The question before buying a faster shovel is whether you should be digging the hole. ClickHouse will sell you the shovel. You pay for the engineers to swing it.

When The Rosy Path Ends

Netflix built this infrastructure during the growth era. Subscriber counts went up and to the right. The engineering org scaled for a future that justified the investment.

That future is no longer certain. Password crackdowns. Ad tiers. Price hikes. Content budgets slashed. Shows canceled after one season to avoid paying creators.

But infrastructure does not know the business model changed. It just keeps ingesting. Five petabytes today. Five petabytes tomorrow. The S3 bill does not care that subscribers are leaving. When growth was assumed, the logging costs were a rounding error on future revenue. When growth stalls, those costs become fixed overhead.

At some point, someone in finance will ask why they are paying to store every HTTP 200 from a service that supports a show they already canceled. The answer will be: because turning it off requires an engineer who understands the system, and we laid off the team that built it.
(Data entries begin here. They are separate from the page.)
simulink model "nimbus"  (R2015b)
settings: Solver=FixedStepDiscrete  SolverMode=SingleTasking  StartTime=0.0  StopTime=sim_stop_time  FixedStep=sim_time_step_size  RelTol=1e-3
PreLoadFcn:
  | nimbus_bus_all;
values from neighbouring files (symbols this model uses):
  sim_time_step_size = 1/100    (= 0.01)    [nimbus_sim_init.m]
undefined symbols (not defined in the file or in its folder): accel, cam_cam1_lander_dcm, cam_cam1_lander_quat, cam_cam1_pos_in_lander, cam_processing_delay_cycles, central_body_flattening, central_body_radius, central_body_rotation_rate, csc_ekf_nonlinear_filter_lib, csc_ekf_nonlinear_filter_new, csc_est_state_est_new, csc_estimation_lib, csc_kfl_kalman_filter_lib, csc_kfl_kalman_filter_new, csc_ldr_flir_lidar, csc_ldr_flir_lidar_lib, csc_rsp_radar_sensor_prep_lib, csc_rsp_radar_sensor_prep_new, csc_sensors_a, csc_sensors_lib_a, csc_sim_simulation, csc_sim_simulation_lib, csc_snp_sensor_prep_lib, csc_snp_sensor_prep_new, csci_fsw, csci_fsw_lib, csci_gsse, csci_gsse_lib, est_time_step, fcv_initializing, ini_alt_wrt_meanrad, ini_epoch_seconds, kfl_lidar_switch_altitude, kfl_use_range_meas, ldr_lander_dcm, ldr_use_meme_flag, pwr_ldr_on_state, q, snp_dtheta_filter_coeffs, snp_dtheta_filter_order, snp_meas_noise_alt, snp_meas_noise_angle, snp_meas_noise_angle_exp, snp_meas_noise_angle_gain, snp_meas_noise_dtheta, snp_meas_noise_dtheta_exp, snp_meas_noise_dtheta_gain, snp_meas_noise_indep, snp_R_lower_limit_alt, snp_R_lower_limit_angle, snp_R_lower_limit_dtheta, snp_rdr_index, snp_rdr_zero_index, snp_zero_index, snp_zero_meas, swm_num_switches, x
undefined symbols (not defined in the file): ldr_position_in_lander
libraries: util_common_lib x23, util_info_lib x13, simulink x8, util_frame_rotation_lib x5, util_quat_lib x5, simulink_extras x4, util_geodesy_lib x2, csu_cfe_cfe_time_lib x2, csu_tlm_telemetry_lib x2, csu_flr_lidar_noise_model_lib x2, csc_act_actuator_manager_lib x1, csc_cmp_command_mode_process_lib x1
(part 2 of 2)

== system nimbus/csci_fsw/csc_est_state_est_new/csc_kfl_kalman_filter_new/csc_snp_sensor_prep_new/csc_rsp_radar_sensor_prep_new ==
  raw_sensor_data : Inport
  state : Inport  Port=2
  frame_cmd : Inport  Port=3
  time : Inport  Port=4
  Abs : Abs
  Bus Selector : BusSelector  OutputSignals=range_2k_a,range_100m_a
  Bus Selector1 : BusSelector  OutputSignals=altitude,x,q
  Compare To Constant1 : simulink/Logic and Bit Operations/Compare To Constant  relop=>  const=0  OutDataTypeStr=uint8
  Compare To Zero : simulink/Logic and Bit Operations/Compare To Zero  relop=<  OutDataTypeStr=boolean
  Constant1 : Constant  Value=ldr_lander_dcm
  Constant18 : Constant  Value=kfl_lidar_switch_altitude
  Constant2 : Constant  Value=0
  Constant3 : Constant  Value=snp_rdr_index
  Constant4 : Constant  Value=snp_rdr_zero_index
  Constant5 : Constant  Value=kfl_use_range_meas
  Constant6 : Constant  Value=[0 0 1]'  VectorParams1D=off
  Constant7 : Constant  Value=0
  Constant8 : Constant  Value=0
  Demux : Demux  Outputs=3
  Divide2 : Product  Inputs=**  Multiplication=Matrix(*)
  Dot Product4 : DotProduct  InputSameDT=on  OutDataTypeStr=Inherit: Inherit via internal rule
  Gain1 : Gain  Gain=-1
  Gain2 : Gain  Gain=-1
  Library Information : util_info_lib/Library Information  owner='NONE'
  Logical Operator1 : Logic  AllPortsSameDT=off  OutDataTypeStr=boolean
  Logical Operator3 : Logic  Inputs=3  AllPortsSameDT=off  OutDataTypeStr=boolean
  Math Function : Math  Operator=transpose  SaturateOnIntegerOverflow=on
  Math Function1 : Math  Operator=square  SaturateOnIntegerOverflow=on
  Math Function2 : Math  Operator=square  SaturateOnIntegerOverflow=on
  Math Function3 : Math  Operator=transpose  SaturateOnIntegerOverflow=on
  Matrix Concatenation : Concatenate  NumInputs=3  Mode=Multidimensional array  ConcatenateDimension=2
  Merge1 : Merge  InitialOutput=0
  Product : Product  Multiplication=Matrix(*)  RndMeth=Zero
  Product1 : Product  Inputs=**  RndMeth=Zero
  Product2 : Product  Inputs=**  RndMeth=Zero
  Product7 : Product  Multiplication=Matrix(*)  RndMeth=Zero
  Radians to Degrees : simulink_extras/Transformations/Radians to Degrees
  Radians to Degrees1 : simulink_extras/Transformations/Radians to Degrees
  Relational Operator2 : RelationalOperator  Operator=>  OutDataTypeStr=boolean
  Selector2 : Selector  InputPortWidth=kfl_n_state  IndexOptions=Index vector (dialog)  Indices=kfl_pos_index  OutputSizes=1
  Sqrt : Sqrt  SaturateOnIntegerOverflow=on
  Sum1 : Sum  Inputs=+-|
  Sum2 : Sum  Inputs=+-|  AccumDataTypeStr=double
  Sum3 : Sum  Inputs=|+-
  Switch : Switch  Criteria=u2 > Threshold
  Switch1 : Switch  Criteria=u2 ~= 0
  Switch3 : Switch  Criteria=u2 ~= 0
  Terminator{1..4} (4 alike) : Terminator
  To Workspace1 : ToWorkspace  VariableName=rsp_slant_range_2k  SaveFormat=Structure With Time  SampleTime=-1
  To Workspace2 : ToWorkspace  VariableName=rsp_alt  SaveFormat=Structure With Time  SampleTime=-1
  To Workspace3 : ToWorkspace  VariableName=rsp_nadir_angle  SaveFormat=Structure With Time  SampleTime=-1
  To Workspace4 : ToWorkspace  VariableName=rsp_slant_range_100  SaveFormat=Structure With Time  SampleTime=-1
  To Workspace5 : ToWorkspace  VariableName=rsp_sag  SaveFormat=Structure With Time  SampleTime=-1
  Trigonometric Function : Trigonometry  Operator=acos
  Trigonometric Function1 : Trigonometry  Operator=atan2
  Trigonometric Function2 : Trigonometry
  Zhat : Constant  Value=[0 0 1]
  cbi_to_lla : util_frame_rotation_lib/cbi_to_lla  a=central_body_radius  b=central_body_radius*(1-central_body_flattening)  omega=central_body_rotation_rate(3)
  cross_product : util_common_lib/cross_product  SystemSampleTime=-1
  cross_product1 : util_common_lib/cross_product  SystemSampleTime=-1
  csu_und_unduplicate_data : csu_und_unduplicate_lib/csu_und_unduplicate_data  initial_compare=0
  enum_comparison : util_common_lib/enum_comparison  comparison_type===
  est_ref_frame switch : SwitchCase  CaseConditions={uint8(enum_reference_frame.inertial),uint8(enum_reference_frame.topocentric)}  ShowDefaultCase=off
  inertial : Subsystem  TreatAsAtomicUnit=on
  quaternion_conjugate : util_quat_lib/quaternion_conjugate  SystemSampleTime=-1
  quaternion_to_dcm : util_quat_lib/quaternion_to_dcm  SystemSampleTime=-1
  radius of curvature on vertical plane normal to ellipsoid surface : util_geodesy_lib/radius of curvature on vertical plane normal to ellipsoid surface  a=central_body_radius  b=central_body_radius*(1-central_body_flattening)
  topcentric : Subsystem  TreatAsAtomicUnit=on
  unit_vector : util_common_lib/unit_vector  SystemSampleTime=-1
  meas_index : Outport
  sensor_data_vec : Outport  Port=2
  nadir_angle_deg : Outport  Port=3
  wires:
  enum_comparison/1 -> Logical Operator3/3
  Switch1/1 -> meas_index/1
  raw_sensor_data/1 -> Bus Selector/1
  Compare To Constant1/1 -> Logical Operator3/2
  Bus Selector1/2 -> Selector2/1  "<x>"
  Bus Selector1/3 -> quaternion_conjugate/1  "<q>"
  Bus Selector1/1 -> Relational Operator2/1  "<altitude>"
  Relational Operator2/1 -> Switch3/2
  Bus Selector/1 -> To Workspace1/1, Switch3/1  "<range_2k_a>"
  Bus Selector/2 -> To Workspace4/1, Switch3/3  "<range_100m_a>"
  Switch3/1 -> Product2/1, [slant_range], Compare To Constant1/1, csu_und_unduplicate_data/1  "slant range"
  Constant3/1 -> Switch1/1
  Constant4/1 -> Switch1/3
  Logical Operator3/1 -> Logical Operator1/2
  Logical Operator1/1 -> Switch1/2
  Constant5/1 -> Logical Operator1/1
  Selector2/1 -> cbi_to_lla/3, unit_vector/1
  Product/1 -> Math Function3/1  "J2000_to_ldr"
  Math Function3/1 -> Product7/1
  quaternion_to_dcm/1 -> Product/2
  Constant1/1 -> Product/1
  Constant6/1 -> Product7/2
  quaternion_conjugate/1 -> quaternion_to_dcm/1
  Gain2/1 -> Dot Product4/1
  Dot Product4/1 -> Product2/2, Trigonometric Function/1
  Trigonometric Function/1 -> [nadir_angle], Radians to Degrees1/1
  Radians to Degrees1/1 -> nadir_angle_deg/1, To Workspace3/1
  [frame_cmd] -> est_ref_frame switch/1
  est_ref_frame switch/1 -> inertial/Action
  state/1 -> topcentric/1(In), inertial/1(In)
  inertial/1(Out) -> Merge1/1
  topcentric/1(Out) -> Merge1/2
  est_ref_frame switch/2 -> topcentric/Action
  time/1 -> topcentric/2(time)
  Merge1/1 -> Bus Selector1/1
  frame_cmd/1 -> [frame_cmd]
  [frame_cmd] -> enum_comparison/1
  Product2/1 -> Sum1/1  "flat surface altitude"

Spotify already lived this. Glenn McDonald built the systems behind Wrapped’s most beloved features. Laid off December 2023. One year later, Wrapped 2024 launched without those features. McDonald posted: “Touching to have Spotify celebrate the 1-year anniversary of my layoff by demonstrating that they could not, in fact, still do Wrapped just as well without me.”

The infrastructure outlives the assumptions that justified it, but nobody has the institutional knowledge or political capital to simplify it. The “you are not Netflix” warning cuts both ways: you should not copy their architecture because you lack their scale, and they built for a scale they may not keep.

The Boring Alternative

The alternative to petabyte-scale observability is not ignorance. It is architecture that does not require petabyte-scale observation.

Fewer services mean fewer boundaries to trace. Simpler systems mean smaller blast radii. Predictable behavior means alerts that actually indicate problems rather than noise that trains everyone to ignore them.

This is not glamorous. It will not get you a vendor case study. It will get you engineers who ship product instead of engineers who maintain the machinery that watches the machinery.

The goal is not to be impressive. The goal is to be boring.


boring (adj.): A system state where observability confirms expected behavior rather than searching for unexpected behavior, because the architecture is simple enough to have expectations.